Dataset entries:
--

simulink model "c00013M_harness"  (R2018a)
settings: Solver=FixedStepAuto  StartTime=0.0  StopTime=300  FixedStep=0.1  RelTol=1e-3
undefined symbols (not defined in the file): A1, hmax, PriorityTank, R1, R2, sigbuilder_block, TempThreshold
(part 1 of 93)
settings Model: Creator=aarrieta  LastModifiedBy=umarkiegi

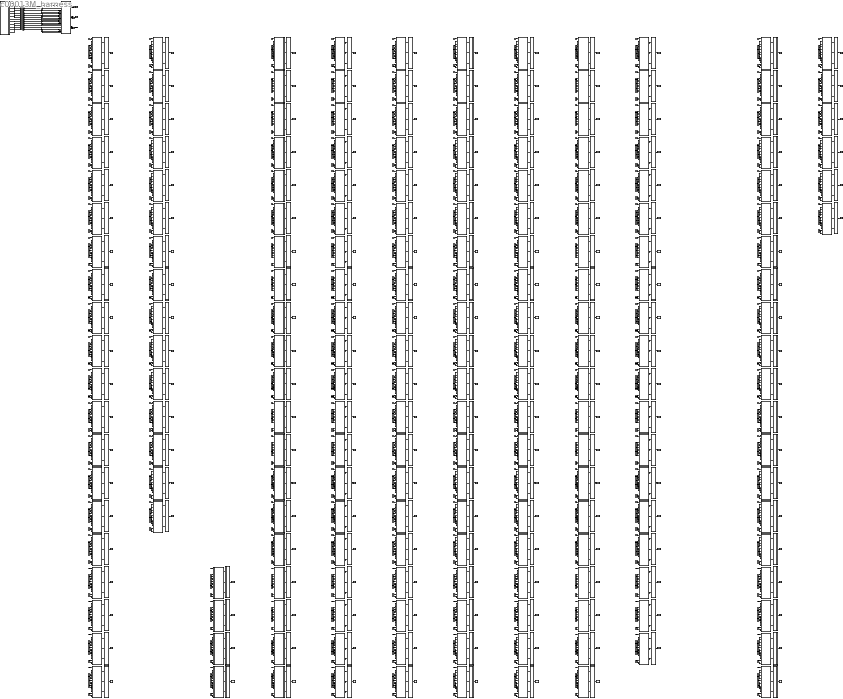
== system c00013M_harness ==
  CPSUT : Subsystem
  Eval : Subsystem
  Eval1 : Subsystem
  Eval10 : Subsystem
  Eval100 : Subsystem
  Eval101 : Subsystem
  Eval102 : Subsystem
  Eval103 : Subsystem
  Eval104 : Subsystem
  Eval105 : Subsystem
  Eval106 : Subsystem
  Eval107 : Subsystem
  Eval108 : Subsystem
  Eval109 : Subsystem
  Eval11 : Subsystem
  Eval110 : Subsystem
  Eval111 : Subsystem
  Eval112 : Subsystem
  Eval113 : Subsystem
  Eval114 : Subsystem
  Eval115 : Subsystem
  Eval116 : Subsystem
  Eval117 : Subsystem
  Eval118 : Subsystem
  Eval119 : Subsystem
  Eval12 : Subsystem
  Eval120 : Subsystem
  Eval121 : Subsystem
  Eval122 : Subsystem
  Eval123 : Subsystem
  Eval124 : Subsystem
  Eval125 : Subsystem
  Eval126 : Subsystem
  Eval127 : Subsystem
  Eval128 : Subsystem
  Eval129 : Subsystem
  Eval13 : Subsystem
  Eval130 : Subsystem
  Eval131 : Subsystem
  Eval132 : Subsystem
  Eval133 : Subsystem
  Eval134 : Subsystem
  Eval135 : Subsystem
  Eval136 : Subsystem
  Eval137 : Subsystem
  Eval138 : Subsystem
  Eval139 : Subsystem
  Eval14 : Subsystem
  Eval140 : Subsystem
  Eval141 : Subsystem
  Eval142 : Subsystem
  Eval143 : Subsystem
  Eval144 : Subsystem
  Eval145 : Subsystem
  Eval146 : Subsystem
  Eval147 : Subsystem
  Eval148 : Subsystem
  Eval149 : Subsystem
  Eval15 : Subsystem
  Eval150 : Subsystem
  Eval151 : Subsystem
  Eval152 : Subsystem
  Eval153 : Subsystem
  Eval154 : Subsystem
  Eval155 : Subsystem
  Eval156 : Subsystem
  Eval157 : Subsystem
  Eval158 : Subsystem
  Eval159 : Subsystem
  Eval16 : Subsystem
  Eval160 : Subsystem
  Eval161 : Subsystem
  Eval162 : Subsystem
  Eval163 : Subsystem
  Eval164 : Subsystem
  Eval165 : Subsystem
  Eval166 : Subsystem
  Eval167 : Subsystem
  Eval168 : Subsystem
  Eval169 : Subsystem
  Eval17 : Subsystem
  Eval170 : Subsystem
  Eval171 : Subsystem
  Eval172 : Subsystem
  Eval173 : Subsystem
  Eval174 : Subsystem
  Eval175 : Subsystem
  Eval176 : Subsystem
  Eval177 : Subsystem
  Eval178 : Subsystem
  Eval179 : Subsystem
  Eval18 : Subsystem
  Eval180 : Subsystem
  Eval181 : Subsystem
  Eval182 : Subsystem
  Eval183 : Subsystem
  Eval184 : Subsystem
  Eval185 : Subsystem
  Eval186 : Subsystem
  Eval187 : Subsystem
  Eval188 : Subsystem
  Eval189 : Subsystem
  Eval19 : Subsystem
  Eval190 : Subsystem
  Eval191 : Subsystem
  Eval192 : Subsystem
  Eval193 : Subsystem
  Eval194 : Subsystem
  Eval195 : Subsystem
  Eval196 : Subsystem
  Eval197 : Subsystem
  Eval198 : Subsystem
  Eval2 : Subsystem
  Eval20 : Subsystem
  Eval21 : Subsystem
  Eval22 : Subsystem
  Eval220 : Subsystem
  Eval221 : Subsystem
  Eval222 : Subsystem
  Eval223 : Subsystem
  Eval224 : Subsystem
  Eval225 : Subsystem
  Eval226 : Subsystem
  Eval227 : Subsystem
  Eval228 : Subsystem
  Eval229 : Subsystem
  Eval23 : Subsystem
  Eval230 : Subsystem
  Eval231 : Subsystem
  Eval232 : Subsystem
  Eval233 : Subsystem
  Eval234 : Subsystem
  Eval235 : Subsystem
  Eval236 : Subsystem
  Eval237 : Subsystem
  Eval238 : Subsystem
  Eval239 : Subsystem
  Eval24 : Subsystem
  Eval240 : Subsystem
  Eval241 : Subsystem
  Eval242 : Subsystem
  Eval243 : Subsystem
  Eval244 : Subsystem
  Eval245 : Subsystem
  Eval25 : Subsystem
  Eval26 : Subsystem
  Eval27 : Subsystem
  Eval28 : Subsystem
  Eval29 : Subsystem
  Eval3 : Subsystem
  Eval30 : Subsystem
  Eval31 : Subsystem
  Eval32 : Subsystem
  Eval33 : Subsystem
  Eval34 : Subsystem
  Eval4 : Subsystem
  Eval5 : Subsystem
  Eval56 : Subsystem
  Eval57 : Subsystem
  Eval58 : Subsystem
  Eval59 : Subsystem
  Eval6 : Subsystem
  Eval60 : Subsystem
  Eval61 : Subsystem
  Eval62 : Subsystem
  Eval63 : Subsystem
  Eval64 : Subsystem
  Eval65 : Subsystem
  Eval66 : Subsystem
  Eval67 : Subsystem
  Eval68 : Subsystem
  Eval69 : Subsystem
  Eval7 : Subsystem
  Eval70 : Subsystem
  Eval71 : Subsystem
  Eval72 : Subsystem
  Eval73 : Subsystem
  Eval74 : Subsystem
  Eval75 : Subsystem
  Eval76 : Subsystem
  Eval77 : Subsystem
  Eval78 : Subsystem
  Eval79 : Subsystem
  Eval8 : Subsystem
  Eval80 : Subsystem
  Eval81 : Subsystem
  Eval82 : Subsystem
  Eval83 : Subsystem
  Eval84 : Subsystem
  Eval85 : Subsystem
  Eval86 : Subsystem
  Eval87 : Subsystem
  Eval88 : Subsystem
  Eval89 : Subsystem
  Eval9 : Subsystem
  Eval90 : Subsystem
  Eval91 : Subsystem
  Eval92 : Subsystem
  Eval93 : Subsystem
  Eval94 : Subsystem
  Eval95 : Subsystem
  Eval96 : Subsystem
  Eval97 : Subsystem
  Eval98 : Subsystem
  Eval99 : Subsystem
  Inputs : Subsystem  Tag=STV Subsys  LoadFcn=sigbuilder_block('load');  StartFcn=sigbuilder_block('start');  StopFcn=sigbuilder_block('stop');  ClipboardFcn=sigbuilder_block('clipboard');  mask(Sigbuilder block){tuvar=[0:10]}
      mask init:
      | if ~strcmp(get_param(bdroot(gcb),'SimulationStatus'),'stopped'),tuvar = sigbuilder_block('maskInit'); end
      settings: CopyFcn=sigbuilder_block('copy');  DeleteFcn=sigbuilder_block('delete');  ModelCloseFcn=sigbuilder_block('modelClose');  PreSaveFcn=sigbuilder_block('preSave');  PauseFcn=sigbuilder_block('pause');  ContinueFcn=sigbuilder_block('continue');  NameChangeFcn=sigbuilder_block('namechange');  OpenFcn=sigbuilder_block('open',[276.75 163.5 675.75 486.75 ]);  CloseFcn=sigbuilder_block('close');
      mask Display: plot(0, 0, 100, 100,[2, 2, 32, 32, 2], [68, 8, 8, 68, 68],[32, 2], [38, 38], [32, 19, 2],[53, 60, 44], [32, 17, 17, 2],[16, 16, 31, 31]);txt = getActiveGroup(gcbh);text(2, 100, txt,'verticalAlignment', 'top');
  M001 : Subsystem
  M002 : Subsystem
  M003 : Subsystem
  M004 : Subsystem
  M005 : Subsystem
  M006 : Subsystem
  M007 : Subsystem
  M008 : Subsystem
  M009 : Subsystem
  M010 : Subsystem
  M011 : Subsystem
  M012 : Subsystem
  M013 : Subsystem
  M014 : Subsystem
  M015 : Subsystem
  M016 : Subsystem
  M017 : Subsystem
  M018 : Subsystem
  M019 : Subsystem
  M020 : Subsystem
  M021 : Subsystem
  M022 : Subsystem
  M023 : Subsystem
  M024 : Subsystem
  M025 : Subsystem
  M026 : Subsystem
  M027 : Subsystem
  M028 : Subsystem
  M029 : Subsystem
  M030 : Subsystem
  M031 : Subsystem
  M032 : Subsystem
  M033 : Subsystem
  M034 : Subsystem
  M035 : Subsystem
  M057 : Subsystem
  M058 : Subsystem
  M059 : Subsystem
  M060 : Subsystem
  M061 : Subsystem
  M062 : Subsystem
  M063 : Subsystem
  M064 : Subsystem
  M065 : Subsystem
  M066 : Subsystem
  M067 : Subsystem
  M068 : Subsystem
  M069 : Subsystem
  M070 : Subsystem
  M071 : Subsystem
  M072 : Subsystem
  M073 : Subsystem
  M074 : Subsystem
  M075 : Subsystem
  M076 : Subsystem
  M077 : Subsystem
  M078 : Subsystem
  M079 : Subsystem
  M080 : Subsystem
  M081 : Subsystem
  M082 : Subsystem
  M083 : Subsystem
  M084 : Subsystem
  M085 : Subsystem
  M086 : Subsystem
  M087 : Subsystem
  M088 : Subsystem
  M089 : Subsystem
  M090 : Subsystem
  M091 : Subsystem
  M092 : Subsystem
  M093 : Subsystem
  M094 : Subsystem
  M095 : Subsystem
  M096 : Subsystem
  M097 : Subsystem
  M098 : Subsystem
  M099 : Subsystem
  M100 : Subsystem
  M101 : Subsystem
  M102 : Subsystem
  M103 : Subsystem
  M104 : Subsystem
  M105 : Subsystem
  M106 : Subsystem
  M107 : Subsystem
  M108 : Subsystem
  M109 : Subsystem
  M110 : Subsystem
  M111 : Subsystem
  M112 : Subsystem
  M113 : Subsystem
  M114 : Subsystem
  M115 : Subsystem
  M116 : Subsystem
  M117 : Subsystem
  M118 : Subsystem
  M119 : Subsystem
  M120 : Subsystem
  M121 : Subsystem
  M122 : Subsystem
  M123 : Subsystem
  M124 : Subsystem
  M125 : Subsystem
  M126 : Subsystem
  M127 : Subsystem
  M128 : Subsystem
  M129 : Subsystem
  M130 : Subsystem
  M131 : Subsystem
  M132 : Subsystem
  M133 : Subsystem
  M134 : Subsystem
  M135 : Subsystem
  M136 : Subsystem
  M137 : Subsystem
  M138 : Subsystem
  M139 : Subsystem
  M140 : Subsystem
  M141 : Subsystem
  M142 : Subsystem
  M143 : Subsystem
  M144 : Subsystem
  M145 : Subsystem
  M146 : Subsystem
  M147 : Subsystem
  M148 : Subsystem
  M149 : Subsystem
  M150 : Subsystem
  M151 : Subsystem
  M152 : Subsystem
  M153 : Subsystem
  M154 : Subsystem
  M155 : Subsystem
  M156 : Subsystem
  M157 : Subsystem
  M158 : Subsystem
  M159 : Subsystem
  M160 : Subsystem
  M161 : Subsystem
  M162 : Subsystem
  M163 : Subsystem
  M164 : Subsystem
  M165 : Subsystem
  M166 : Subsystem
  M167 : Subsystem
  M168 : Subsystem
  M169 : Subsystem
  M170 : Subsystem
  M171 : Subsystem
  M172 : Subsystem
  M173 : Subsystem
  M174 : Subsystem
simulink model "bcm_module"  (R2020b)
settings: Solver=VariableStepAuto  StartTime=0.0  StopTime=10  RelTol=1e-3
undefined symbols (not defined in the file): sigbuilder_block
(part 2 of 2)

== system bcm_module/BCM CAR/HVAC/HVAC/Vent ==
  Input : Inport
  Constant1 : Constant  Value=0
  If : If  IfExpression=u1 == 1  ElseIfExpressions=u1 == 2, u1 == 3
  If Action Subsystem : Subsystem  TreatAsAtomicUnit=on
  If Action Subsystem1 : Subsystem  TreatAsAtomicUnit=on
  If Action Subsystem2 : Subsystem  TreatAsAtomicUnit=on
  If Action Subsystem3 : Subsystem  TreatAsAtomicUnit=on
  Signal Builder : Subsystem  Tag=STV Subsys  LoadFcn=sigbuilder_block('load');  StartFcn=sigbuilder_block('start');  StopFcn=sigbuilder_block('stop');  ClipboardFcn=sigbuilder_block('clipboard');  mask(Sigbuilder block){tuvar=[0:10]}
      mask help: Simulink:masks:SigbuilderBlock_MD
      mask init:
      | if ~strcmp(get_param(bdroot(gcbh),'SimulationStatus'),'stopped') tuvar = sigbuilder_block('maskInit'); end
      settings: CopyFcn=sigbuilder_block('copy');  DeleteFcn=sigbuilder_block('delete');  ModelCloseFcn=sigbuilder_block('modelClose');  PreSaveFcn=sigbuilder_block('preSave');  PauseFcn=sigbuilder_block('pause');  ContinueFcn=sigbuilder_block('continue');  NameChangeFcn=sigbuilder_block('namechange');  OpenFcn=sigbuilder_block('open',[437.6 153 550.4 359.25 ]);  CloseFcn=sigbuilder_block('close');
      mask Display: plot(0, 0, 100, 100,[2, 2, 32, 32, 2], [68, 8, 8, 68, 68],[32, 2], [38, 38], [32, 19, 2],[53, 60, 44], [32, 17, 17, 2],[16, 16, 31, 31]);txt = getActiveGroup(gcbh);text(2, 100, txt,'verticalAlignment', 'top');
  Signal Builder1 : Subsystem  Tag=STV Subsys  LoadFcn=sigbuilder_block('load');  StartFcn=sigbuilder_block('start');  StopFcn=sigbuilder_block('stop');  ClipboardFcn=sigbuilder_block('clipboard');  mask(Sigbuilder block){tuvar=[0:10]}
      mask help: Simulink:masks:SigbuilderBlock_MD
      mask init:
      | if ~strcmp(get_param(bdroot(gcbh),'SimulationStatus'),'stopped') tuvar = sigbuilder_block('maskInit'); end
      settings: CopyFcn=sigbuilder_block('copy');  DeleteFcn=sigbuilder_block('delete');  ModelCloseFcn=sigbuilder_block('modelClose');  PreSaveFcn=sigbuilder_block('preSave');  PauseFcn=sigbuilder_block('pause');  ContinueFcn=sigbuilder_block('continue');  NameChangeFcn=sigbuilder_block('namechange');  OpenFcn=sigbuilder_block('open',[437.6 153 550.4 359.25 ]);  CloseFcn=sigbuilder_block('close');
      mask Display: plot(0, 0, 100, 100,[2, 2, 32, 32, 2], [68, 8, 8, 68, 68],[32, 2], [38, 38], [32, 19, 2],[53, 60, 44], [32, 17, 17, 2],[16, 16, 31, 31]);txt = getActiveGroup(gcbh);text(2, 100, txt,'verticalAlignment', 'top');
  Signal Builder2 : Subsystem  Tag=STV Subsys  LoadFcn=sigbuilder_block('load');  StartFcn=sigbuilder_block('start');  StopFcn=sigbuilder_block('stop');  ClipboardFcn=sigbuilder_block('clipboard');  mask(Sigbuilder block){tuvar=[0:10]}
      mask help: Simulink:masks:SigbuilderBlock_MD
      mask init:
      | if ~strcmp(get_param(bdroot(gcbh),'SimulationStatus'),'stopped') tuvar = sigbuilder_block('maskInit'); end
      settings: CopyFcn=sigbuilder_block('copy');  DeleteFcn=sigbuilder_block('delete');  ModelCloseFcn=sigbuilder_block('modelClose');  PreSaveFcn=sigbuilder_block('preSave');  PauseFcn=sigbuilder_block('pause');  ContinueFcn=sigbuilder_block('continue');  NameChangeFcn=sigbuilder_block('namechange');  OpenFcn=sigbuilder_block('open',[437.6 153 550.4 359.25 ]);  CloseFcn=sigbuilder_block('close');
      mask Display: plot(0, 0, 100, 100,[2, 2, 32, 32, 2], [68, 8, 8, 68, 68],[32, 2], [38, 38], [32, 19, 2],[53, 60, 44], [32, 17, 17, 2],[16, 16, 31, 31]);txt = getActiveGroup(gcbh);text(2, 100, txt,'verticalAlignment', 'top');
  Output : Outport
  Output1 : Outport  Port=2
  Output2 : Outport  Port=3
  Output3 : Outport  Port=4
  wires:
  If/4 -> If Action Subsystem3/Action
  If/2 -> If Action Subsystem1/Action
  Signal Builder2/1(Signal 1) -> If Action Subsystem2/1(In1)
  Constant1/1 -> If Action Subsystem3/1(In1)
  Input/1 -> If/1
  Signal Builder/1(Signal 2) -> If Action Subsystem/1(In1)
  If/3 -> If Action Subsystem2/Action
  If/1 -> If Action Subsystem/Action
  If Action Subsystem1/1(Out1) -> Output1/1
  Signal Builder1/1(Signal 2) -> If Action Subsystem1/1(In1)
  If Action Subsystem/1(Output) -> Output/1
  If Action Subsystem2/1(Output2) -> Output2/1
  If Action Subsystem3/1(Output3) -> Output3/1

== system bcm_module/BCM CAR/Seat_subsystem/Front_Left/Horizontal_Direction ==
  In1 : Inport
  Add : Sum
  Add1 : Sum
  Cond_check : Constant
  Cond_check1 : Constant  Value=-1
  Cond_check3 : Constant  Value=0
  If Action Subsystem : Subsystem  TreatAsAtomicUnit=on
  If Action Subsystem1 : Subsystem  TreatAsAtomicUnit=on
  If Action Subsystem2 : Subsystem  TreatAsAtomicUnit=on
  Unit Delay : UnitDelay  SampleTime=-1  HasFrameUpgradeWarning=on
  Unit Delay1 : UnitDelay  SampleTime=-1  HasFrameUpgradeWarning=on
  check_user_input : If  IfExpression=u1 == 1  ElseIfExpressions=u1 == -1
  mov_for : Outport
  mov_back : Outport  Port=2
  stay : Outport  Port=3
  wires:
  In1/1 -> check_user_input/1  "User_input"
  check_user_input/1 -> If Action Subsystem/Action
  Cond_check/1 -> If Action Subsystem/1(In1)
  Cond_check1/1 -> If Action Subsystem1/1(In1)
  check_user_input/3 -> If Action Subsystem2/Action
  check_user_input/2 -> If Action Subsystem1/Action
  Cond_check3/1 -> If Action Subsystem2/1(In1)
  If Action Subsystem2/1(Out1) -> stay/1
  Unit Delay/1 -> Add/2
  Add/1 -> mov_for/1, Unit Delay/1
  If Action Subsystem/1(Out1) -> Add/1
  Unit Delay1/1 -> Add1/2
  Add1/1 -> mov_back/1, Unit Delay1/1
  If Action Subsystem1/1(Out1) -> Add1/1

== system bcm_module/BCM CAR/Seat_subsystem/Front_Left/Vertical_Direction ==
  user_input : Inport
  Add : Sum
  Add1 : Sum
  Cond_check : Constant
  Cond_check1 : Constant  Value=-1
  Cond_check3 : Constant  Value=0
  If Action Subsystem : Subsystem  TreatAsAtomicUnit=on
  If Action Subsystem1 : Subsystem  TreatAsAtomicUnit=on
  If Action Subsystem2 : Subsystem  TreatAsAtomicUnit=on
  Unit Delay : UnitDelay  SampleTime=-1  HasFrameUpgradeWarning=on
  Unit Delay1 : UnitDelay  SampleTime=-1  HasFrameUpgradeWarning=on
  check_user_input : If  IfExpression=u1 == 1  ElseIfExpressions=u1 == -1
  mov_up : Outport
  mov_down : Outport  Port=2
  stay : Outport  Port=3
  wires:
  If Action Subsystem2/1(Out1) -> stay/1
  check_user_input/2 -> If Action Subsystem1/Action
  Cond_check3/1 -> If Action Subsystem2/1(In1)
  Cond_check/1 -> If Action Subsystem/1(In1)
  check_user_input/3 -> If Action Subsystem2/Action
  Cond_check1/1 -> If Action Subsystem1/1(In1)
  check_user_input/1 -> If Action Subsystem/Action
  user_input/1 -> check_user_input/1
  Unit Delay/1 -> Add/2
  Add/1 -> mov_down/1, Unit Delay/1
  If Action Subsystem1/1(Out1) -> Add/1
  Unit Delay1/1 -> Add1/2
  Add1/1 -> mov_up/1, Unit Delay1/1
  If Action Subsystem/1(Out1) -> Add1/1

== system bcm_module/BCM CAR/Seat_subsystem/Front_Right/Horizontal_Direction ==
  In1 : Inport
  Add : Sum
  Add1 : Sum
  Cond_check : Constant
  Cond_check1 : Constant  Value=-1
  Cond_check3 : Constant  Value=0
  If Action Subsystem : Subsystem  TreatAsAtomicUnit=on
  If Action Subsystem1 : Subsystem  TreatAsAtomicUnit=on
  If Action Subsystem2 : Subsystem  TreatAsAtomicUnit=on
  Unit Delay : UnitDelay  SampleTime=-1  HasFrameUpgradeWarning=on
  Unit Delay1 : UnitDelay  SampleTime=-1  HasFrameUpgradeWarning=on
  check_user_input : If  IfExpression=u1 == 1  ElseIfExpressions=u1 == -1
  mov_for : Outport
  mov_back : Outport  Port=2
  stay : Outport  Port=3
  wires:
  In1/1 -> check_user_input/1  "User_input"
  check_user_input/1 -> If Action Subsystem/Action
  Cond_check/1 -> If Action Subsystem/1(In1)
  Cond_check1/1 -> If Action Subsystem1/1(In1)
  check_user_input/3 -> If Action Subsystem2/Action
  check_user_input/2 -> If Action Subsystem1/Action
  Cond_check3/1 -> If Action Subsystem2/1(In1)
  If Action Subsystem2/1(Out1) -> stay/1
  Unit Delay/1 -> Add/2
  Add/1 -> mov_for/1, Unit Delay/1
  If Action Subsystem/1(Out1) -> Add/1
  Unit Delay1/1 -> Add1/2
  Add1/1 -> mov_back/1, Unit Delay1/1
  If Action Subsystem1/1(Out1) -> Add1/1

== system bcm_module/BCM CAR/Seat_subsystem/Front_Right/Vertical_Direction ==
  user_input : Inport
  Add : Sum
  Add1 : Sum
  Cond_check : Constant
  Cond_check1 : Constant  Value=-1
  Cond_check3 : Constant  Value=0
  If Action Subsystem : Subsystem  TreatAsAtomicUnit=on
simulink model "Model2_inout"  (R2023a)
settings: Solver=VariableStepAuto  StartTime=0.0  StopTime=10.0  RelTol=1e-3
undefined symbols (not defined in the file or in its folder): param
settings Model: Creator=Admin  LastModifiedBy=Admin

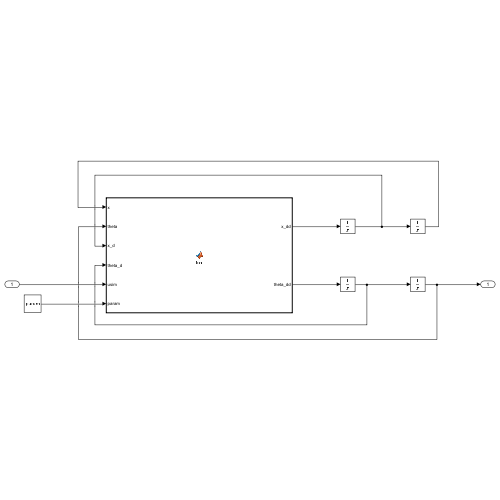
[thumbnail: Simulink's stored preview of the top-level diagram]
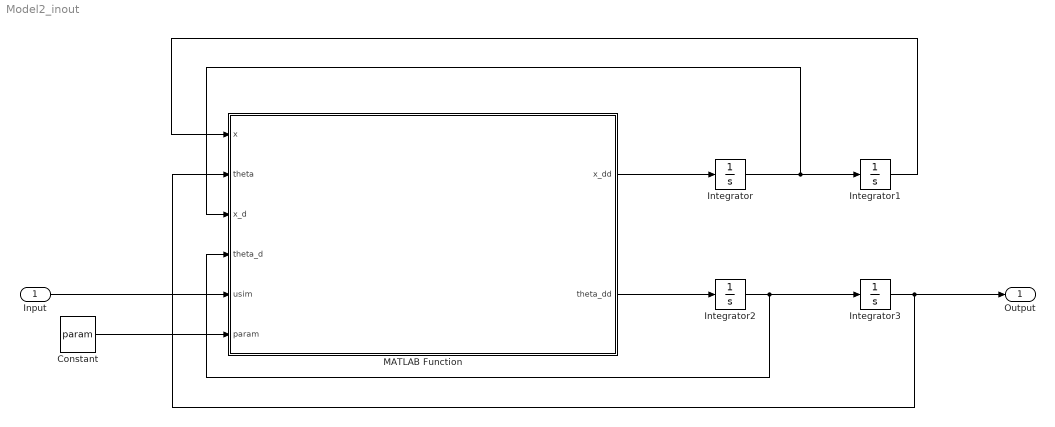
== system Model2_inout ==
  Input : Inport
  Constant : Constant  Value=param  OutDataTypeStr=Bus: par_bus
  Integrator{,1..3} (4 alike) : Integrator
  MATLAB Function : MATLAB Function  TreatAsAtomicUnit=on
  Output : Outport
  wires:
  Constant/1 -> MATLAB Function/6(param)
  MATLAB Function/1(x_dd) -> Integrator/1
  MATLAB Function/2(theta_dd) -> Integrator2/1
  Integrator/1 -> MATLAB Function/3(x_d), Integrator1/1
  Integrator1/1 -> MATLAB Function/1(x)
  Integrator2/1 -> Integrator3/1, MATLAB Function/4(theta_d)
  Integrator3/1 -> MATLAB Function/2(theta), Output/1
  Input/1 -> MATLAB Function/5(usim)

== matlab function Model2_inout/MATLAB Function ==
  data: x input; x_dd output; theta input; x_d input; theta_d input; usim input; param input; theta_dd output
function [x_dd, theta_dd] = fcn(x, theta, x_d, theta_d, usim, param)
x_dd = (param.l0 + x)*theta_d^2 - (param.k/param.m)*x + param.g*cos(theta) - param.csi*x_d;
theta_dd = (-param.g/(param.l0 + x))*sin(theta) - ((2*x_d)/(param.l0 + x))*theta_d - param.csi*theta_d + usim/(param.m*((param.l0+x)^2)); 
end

--

> [Your goal] Set down exactly the lines from the start of the records through the line containing "Eval114 : Subsystem", both included, and omit the pictures.

> [Output for this task]
simulink model "c00013M_harness"  (R2018a)
settings: Solver=FixedStepAuto  StartTime=0.0  StopTime=300  FixedStep=0.1  RelTol=1e-3
undefined symbols (not defined in the file): A1, hmax, PriorityTank, R1, R2, sigbuilder_block, TempThreshold
(part 1 of 93)
settings Model: Creator=aarrieta  LastModifiedBy=umarkiegi

== system c00013M_harness ==
  CPSUT : Subsystem
  Eval : Subsystem
  Eval1 : Subsystem
  Eval10 : Subsystem
  Eval100 : Subsystem
  Eval101 : Subsystem
  Eval102 : Subsystem
  Eval103 : Subsystem
  Eval104 : Subsystem
  Eval105 : Subsystem
  Eval106 : Subsystem
  Eval107 : Subsystem
  Eval108 : Subsystem
  Eval109 : Subsystem
  Eval11 : Subsystem
  Eval110 : Subsystem
  Eval111 : Subsystem
  Eval112 : Subsystem
  Eval113 : Subsystem
  Eval114 : Subsystem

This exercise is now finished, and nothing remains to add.